_Task details:_
The lines in the listing below are to be given again exactly, starting at the line holding "To Workspace : ToWorkspace" and ending at the line holding "output : Scope". Do not include pictures.

_Data for analysis:_
■ ■ ■ ■ ■

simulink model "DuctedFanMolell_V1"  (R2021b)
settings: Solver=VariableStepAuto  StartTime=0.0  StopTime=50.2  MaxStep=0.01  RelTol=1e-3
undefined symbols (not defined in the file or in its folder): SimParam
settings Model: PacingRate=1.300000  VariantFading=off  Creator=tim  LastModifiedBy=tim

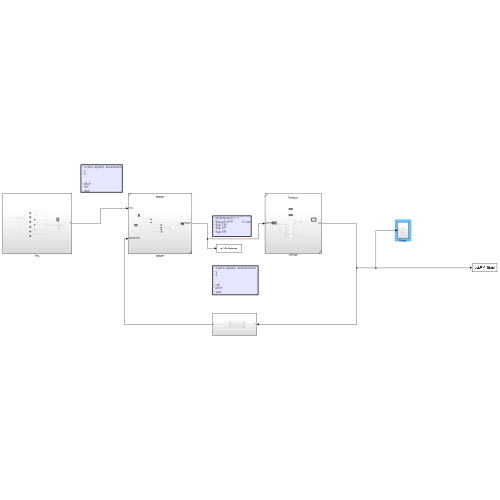
[thumbnail: Simulink's stored preview of the top-level diagram]
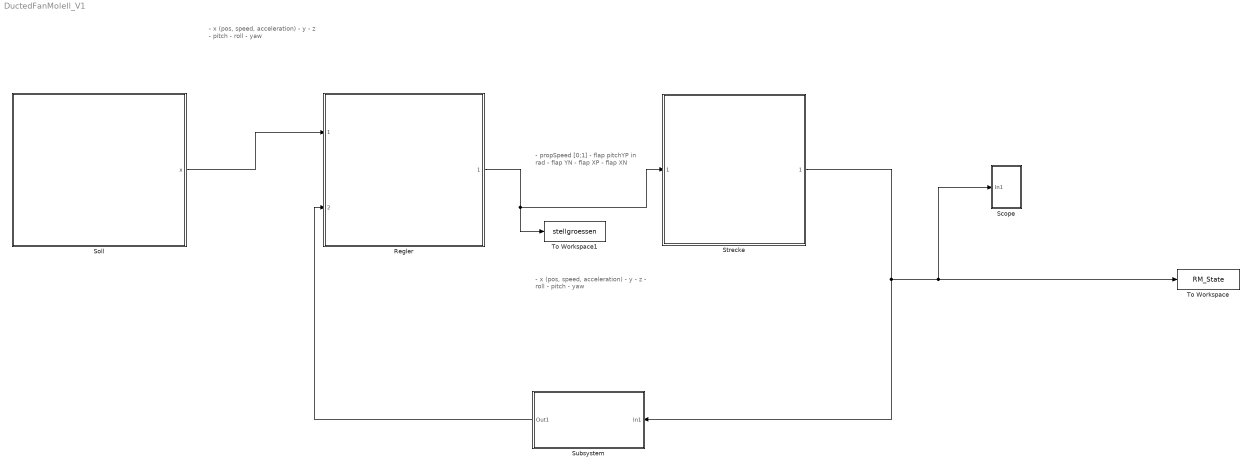
== system DuctedFanMolell_V1 ==
  note: - x (pos, speed, acceleration)
      | - y
      | - z
      |
      |
      | - roll
      | - pitch
      | - yaw
  note: - x (pos, speed, acceleration)
      | - y
      | - z
      |
      |
      | - pitch
      | - roll
      | - yaw
  note: - propSpeed [0;1]
      | - flap pitchYP          in rad
      | - flap YN
      | - flap XP
      | - flap XN
  Regler : Subsystem  VariantControl=Choice  ReferencedSubsystem=Regler
  Scope : Subsystem
  Soll : Subsystem
  Strecke : Subsystem  ReferencedSubsystem=Strecke
  Subsystem : Subsystem
      settings: PortSchema="{\"entries\":[{\"content\":{\"sides\":[{\"content\":{\"connectorIds\":[\"Out1\"]},\"type\":\"ConnectorPlacement.EquallySpacedRectSide\",\"uuid\":\"0b6b1713-0599-4a2b-a6b8-17ca65ceb7bc\"},{\"content\":{\"connectorIds\":[\"In1\"],\"side\":\"RIGHT\"},\"type\":\"ConnectorPlacement.EquallySpacedRectSide\",\"uuid\":\"89969f44-fab1-4e90-b2ff-0e3a2cc6e655\"},{\"content\":{\"connectorIds\":[],\"side\":\"TOP\"},\"type\":\"ConnectorPlacement.EquallySpacedRectSide\",\"uuid\":\"aad73966-e619-409d-ac58-96523cc99cf8\"}]},\"type\":\"ConnectorPlacement.EquallySpacedConnector\",\"uuid\":\"181e3664-8f4e-4946-ae8e-84605a680910\"}],\"packageUris\":[\"http://schema.mathworks.com/mf0/Connector/R2020b\"],\"version\":\"1.0\"}"
  To Workspace : ToWorkspace  VariableName=RM_State  SaveFormat=Timeseries  SampleTime=-1
  To Workspace1 : ToWorkspace  VariableName=stellgroessen  SaveFormat=Timeseries  SampleTime=-1
  wires:
  Soll/1(x) -> Regler/1
  Strecke/1 -> Subsystem/1(In1), Scope/1(In1), To Workspace/1
  Regler/1 -> To Workspace1/1, Strecke/1
  Subsystem/1(Out1) -> Regler/2

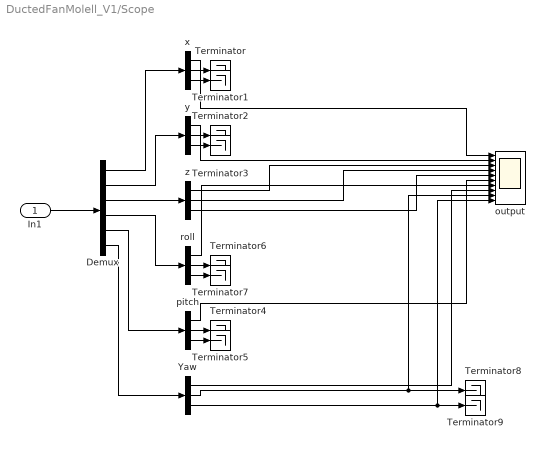
== system DuctedFanMolell_V1/Scope ==
  In1 : Inport
  Demux : Demux  Outputs=[3 3 3 3 3 3]
  Terminator{,1..9} (10 alike) : Terminator
  Yaw : Demux  Outputs=3
  output : Scope  NumInputPorts=10
  pitch : Demux  Outputs=3
  roll : Demux  Outputs=3
  x : Demux  Outputs=3
  y : Demux  Outputs=3
  z : Demux  Outputs=3
  wires:
  Demux/4 -> roll/1
  y/1 -> output/2
  y/2 -> Terminator2/1
  z/3 -> output/5
  Demux/1 -> x/1
  z/2 -> output/4
  roll/2 -> Terminator6/1
  Demux/6 -> Yaw/1
  pitch/3 -> Terminator5/1
  Yaw/2 -> output/9, Terminator8/1
  x/3 -> Terminator1/1
  x/1 -> output/1
  pitch/2 -> Terminator4/1
  Demux/3 -> z/1
  y/3 -> Terminator3/1
  Yaw/3 -> output/10, Terminator9/1
  roll/3 -> Terminator7/1
  pitch/1 -> output/6
  Yaw/1 -> output/8
  In1/1 -> Demux/1
  roll/1 -> output/7
  z/1 -> output/3
  Demux/5 -> pitch/1
  x/2 -> Terminator/1
  Demux/2 -> y/1

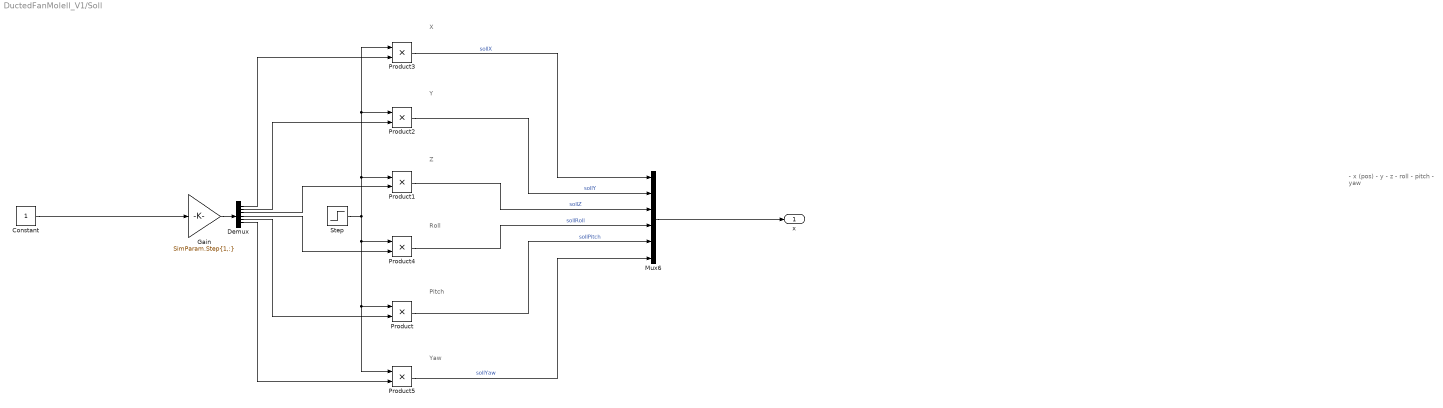
== system DuctedFanMolell_V1/Soll ==
  note: Y
  note: - x (pos)
      | - y
      | - z
      |
      |
      | - roll
      | - pitch
      | - yaw
  note: X
  note: Z
  note: Pitch
  note: Roll
  note: Yaw
  Constant : Constant
  Demux : Demux  Outputs=6
  Gain : Gain  Gain=SimParam.Step{1,:}
  Mux6 : Mux  Inputs=6
  Product{,1..5} (6 alike) : Product
  Step : Step  SampleTime=0
  x : Outport
  wires:
  Product3/1 -> Mux6/1  "sollX"
  Product2/1 -> Mux6/2  "sollY"
  Product1/1 -> Mux6/3  "sollZ"
  Product4/1 -> Mux6/4  "sollRoll"
  Product5/1 -> Mux6/6  "sollYaw"
  Product/1 -> Mux6/5  "sollPitch"
  Mux6/1 -> x/1
  Demux/5 -> Product/2
  Demux/3 -> Product1/2
  Demux/2 -> Product2/2
  Demux/1 -> Product3/2
  Demux/4 -> Product4/2
  Step/1 -> Product5/1, Product/1, Product4/1, Product3/1, Product2/1, Product1/1
  Constant/1 -> Gain/1
  Gain/1 -> Demux/1
  Demux/6 -> Product5/2

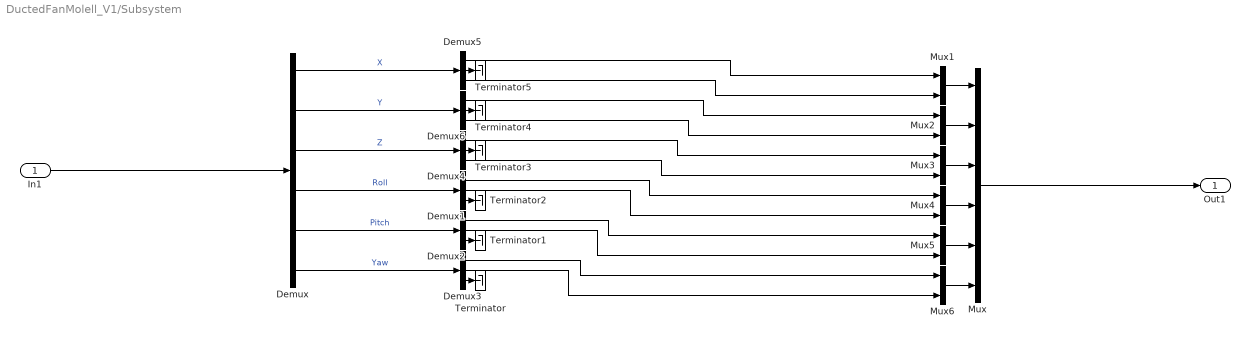
== system DuctedFanMolell_V1/Subsystem ==
  In1 : Inport
  Demux : Demux  Outputs=6
  Demux{1..6} (6 alike) : Demux  Outputs=3
  Mux : Mux  Inputs=6
  Mux{1..6} (6 alike) : Mux  Inputs=2
  Terminator{,1..5} (6 alike) : Terminator
  Out1 : Outport
  wires:
  In1/1 -> Demux/1
  Demux/4 -> Demux1/1  "Roll"
  Demux/3 -> Demux4/1  "Z"
  Demux/2 -> Demux6/1  "Y"
  Demux/1 -> Demux5/1  "X"
  Demux/5 -> Demux2/1  "Pitch"
  Demux/6 -> Demux3/1  "Yaw"
  Demux3/3 -> Terminator/1
  Demux2/3 -> Terminator1/1
  Demux1/3 -> Terminator2/1
  Mux1/1 -> Mux/1
  Mux2/1 -> Mux/2
  Mux3/1 -> Mux/3
  Mux4/1 -> Mux/4
  Mux6/1 -> Mux/6
  Mux5/1 -> Mux/5
  Demux3/2 -> Mux6/2
  Demux3/1 -> Mux6/1
  Demux2/2 -> Mux5/2
  Demux2/1 -> Mux5/1
  Demux1/2 -> Mux4/2
  Demux1/1 -> Mux4/1
  Demux4/1 -> Mux3/1
  Demux4/3 -> Mux3/2
  Demux6/1 -> Mux2/1
  Demux6/3 -> Mux2/2
  Demux5/1 -> Mux1/1
  Demux5/3 -> Mux1/2
  Demux4/2 -> Terminator3/1
  Demux6/2 -> Terminator4/1
  Demux5/2 -> Terminator5/1
  Mux/1 -> Out1/1
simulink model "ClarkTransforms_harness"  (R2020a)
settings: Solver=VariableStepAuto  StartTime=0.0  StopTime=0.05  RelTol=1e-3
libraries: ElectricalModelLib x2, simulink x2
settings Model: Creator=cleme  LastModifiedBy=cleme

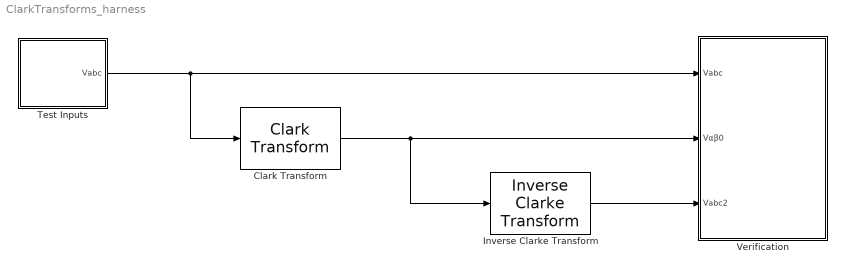
== system ClarkTransforms_harness ==
  Clark Transform : ElectricalModelLib/Clark Transform
  Inverse Clarke Transform : ElectricalModelLib/Inverse Clarke Transform
  Test Inputs : Subsystem
  Verification : Subsystem
  wires:
  Clark Transform/1 -> Inverse Clarke Transform/1, Verification/2(Vαβ0)
  Inverse Clarke Transform/1 -> Verification/3(Vabc2)
  Test Inputs/1(Vabc) -> Clark Transform/1, Verification/1(Vabc)

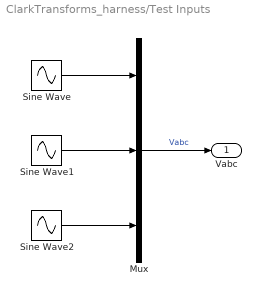
== system ClarkTransforms_harness/Test Inputs ==
  Mux : Mux  Inputs=3
  Sine Wave : Sin  Frequency=2*pi*3/0.05  SampleTime=0
  Sine Wave1 : Sin  Frequency=2*pi*3/0.05  Phase=-2*pi()/3  SampleTime=0
  Sine Wave2 : Sin  Frequency=2*pi*3/0.05  Phase=2*pi()/3  SampleTime=0
  Vabc : Outport
  wires:
  Sine Wave2/1 -> Mux/3
  Sine Wave1/1 -> Mux/2
  Sine Wave/1 -> Mux/1
  Mux/1 -> Vabc/1  "Vabc"

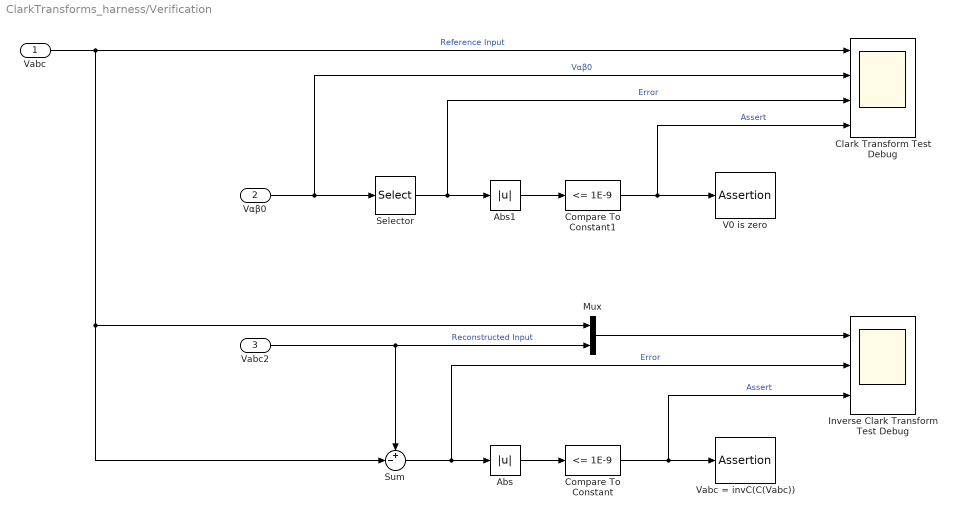
== system ClarkTransforms_harness/Verification ==
  Vabc : Inport
  Vαβ0 : Inport  Port=2
  Vabc2 : Inport  Port=3
  Abs : Abs
  Abs1 : Abs
  Clark Transform Test Debug : Scope  NumInputPorts=4
  Compare To Constant : simulink/Logic and Bit Operations/Compare To Constant  relop=<=  const=1E-9  OutDataTypeStr=boolean
  Compare To Constant1 : simulink/Logic and Bit Operations/Compare To Constant  relop=<=  const=1E-9  OutDataTypeStr=boolean
  Inverse Clark Transform Test Debug : Scope  NumInputPorts=3
  Mux : Mux  Inputs=2
  Selector : Selector  InputPortWidth=3  IndexOptions=Index vector (dialog)  Indices=3  OutputSizes=1
  Sum : Sum  Inputs=+-|
  V0 is zero : Assertion
  "Vabc = invC(C(Vabc))  " : Assertion
  wires:
  Abs/1 -> Compare To Constant/1
  Compare To Constant1/1 -> Clark Transform Test Debug/4, V0 is zero/1  "Assert"
  Vαβ0/1 -> Clark Transform Test Debug/2, Selector/1  "Vαβ0"
  Vabc/1 -> Mux/1, Sum/2, Clark Transform Test Debug/1  "Reference Input"
  Sum/1 -> Inverse Clark Transform Test Debug/2, Abs/1  "Error"
  Selector/1 -> Abs1/1, Clark Transform Test Debug/3  "Error"
  Compare To Constant/1 -> Inverse Clark Transform Test Debug/3, "Vabc = invC(C(Vabc))  "/1  "Assert"
  Vabc2/1 -> Sum/1, Mux/2  "Reconstructed Input"
  Mux/1 -> Inverse Clark Transform Test Debug/1
  Abs1/1 -> Compare To Constant1/1

■ ■ ■ ■ ■

_Response to the exercise:_
  To Workspace : ToWorkspace  VariableName=RM_State  SaveFormat=Timeseries  SampleTime=-1
  To Workspace1 : ToWorkspace  VariableName=stellgroessen  SaveFormat=Timeseries  SampleTime=-1
  wires:
  Soll/1(x) -> Regler/1
  Strecke/1 -> Subsystem/1(In1), Scope/1(In1), To Workspace/1
  Regler/1 -> To Workspace1/1, Strecke/1
  Subsystem/1(Out1) -> Regler/2

== system DuctedFanMolell_V1/Scope ==
  In1 : Inport
  Demux : Demux  Outputs=[3 3 3 3 3 3]
  Terminator{,1..9} (10 alike) : Terminator
  Yaw : Demux  Outputs=3
  output : Scope  NumInputPorts=10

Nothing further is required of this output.